**What the task requires**
Extract the first line through the line containing "bpy.ops.wm.read_factory_settings(use_empty=True)" from the listing below, exactly as written.

**Input data**
*****

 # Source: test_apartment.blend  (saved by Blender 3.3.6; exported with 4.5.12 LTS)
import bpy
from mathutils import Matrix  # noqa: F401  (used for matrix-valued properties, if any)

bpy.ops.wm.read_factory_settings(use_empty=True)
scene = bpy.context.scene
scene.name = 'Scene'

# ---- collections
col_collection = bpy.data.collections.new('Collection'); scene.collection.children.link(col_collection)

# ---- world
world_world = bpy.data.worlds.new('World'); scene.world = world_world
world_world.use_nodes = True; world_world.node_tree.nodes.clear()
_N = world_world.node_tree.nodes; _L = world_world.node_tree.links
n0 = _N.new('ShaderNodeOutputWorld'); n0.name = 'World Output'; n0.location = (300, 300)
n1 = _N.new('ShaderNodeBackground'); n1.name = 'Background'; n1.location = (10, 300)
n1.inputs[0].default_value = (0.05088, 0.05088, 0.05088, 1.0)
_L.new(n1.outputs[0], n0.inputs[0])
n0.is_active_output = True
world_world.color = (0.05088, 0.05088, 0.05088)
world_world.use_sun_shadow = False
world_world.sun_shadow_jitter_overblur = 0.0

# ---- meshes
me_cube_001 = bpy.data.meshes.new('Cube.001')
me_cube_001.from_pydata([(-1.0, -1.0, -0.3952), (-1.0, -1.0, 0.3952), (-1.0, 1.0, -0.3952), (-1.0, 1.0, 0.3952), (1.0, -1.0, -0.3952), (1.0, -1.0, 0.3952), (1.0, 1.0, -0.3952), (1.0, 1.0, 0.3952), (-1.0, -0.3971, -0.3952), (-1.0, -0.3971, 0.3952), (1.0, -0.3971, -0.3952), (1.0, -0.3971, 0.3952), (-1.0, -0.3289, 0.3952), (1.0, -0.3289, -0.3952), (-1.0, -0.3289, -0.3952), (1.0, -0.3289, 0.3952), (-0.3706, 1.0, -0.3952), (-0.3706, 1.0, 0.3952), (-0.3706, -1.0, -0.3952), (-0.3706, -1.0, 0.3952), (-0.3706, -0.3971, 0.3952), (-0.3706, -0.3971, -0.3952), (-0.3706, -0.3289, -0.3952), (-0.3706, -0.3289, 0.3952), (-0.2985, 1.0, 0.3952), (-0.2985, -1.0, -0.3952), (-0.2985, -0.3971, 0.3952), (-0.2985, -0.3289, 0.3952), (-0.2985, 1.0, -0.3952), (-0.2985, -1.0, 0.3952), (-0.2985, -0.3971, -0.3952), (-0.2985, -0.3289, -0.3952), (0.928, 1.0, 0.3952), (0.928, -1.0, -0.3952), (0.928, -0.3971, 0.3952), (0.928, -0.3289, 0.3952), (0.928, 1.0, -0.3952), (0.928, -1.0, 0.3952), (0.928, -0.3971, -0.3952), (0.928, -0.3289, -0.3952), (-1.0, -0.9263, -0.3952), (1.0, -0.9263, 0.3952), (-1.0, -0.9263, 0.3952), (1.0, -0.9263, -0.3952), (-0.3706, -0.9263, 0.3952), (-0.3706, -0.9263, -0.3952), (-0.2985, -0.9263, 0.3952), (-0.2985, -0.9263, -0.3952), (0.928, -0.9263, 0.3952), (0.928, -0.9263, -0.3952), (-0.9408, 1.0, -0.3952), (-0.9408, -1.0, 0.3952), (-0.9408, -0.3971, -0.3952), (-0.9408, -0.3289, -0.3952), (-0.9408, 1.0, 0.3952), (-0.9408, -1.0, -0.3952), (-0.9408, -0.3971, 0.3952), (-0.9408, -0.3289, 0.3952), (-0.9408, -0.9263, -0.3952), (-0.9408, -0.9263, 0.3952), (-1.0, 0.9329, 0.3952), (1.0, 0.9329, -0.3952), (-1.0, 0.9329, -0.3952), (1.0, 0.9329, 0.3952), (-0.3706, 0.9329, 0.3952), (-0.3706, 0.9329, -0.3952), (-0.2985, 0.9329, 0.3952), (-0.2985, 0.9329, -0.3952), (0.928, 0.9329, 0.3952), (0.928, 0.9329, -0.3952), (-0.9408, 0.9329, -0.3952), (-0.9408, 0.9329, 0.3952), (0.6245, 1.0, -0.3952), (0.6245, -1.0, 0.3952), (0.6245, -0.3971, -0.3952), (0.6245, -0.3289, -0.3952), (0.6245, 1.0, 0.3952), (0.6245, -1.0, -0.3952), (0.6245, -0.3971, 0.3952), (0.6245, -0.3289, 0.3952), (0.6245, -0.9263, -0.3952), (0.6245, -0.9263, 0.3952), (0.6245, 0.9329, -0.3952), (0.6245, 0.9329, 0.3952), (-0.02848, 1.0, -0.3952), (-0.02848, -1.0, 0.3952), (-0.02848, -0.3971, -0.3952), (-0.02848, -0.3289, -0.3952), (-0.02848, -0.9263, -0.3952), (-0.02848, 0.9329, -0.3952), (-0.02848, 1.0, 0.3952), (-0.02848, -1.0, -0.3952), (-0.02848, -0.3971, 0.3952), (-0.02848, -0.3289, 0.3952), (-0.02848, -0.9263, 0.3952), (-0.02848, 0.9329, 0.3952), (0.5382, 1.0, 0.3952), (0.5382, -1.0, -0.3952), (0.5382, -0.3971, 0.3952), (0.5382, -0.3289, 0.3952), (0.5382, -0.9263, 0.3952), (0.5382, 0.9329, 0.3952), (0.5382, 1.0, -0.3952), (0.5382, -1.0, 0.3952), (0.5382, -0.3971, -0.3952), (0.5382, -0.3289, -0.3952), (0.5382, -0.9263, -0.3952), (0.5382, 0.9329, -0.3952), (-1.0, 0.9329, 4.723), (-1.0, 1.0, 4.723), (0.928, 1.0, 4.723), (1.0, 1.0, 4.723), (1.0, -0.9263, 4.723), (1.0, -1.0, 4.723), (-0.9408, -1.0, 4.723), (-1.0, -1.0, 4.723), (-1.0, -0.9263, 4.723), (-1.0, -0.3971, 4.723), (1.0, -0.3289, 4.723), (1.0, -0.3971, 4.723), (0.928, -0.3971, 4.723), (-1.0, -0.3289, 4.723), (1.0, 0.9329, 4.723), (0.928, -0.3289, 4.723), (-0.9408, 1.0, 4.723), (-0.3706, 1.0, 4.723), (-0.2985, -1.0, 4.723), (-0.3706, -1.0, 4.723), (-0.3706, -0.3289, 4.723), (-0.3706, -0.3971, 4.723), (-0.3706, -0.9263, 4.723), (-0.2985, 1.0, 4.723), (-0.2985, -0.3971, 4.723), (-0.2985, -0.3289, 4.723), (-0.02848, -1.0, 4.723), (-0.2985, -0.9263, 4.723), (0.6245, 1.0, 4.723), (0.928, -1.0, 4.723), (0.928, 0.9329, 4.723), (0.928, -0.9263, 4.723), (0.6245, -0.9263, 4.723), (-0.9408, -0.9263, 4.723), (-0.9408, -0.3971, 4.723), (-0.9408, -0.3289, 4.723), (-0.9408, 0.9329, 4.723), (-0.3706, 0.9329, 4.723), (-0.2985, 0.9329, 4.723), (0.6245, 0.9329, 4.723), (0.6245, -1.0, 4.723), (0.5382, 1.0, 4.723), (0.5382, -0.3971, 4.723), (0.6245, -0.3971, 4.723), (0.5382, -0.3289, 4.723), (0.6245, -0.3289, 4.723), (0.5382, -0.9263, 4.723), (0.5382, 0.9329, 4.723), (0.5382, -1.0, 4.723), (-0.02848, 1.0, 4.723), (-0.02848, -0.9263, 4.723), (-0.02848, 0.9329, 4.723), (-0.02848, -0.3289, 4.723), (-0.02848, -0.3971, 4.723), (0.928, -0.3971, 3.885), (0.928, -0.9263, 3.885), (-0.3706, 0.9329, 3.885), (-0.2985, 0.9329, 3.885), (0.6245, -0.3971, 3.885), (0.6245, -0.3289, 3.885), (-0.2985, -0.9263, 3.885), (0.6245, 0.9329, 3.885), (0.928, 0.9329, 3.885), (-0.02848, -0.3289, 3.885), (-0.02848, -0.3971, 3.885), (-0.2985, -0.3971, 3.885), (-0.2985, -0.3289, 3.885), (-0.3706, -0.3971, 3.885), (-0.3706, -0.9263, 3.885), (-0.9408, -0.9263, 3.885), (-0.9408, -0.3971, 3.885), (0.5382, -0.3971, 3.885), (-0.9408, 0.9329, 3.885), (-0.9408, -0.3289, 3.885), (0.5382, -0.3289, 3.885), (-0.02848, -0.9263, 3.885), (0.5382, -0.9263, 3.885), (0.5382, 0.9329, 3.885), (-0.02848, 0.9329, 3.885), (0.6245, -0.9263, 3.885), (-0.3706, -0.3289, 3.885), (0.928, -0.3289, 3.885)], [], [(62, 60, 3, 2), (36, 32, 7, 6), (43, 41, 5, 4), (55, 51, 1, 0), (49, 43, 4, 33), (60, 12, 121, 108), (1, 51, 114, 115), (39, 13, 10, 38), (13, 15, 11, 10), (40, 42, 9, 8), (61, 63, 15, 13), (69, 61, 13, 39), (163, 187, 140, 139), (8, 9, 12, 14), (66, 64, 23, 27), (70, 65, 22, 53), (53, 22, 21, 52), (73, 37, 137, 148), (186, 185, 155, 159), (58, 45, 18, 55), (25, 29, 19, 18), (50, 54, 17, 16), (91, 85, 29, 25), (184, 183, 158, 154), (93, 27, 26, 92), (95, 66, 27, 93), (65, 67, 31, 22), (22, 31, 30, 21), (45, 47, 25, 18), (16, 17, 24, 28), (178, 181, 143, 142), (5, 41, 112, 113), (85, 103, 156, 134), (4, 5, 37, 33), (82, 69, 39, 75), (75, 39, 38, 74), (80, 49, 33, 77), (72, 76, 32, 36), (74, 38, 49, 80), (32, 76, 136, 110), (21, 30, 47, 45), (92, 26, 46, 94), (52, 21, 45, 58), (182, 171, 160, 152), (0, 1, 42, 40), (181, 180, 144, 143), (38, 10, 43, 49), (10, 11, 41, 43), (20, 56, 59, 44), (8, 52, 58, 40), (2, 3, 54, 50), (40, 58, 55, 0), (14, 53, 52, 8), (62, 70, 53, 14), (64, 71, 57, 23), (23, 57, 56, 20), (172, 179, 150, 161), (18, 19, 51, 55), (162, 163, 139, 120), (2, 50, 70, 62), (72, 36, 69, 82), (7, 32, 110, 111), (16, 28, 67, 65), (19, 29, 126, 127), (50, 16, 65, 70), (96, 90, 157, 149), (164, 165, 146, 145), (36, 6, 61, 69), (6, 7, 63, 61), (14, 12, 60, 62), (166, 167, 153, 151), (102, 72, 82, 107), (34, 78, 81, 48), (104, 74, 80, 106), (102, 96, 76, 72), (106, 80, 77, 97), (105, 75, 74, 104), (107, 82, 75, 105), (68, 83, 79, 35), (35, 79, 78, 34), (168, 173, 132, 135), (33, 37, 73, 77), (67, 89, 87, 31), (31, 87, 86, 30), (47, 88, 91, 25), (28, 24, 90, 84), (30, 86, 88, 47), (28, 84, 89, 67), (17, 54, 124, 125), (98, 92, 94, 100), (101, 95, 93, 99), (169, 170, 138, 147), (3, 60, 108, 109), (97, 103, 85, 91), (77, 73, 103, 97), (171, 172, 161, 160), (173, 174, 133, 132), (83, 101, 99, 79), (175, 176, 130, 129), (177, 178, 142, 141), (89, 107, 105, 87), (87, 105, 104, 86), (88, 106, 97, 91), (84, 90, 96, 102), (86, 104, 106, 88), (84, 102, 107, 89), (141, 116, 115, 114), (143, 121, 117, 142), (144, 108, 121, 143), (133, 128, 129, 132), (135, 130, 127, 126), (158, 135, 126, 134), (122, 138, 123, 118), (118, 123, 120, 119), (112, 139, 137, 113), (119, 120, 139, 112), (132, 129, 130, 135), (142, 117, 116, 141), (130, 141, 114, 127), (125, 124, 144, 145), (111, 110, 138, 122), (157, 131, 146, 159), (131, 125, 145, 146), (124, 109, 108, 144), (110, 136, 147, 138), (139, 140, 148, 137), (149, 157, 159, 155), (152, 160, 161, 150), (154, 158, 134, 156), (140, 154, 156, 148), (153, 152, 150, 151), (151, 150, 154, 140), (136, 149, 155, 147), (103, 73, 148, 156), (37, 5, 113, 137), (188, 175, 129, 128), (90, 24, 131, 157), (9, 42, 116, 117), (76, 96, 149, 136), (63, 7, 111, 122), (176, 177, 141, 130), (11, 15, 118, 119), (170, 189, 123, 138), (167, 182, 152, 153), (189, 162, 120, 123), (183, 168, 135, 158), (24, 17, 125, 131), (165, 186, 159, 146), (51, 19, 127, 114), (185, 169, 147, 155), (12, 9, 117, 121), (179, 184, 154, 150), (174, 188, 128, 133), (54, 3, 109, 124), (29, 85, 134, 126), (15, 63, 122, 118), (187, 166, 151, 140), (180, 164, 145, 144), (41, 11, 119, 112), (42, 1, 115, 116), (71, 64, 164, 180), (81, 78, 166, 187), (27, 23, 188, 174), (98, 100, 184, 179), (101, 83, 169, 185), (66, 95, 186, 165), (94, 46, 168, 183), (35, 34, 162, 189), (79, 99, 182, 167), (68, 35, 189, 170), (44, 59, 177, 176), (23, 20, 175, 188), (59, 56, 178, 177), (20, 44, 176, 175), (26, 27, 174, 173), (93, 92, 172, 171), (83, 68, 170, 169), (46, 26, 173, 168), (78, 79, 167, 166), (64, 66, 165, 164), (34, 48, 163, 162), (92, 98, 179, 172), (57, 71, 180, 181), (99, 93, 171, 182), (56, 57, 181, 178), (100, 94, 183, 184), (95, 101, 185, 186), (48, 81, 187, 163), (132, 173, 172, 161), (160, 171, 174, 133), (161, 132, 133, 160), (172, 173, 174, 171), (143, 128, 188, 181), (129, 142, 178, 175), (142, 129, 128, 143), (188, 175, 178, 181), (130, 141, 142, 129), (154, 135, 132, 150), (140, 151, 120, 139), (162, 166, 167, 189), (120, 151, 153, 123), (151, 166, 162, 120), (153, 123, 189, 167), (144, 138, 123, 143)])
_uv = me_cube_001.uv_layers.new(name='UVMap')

*****

**Your solution**
 # Source: test_apartment.blend  (saved by Blender 3.3.6; exported with 4.5.12 LTS)
import bpy
from mathutils import Matrix  # noqa: F401  (used for matrix-valued properties, if any)

bpy.ops.wm.read_factory_settings(use_empty=True)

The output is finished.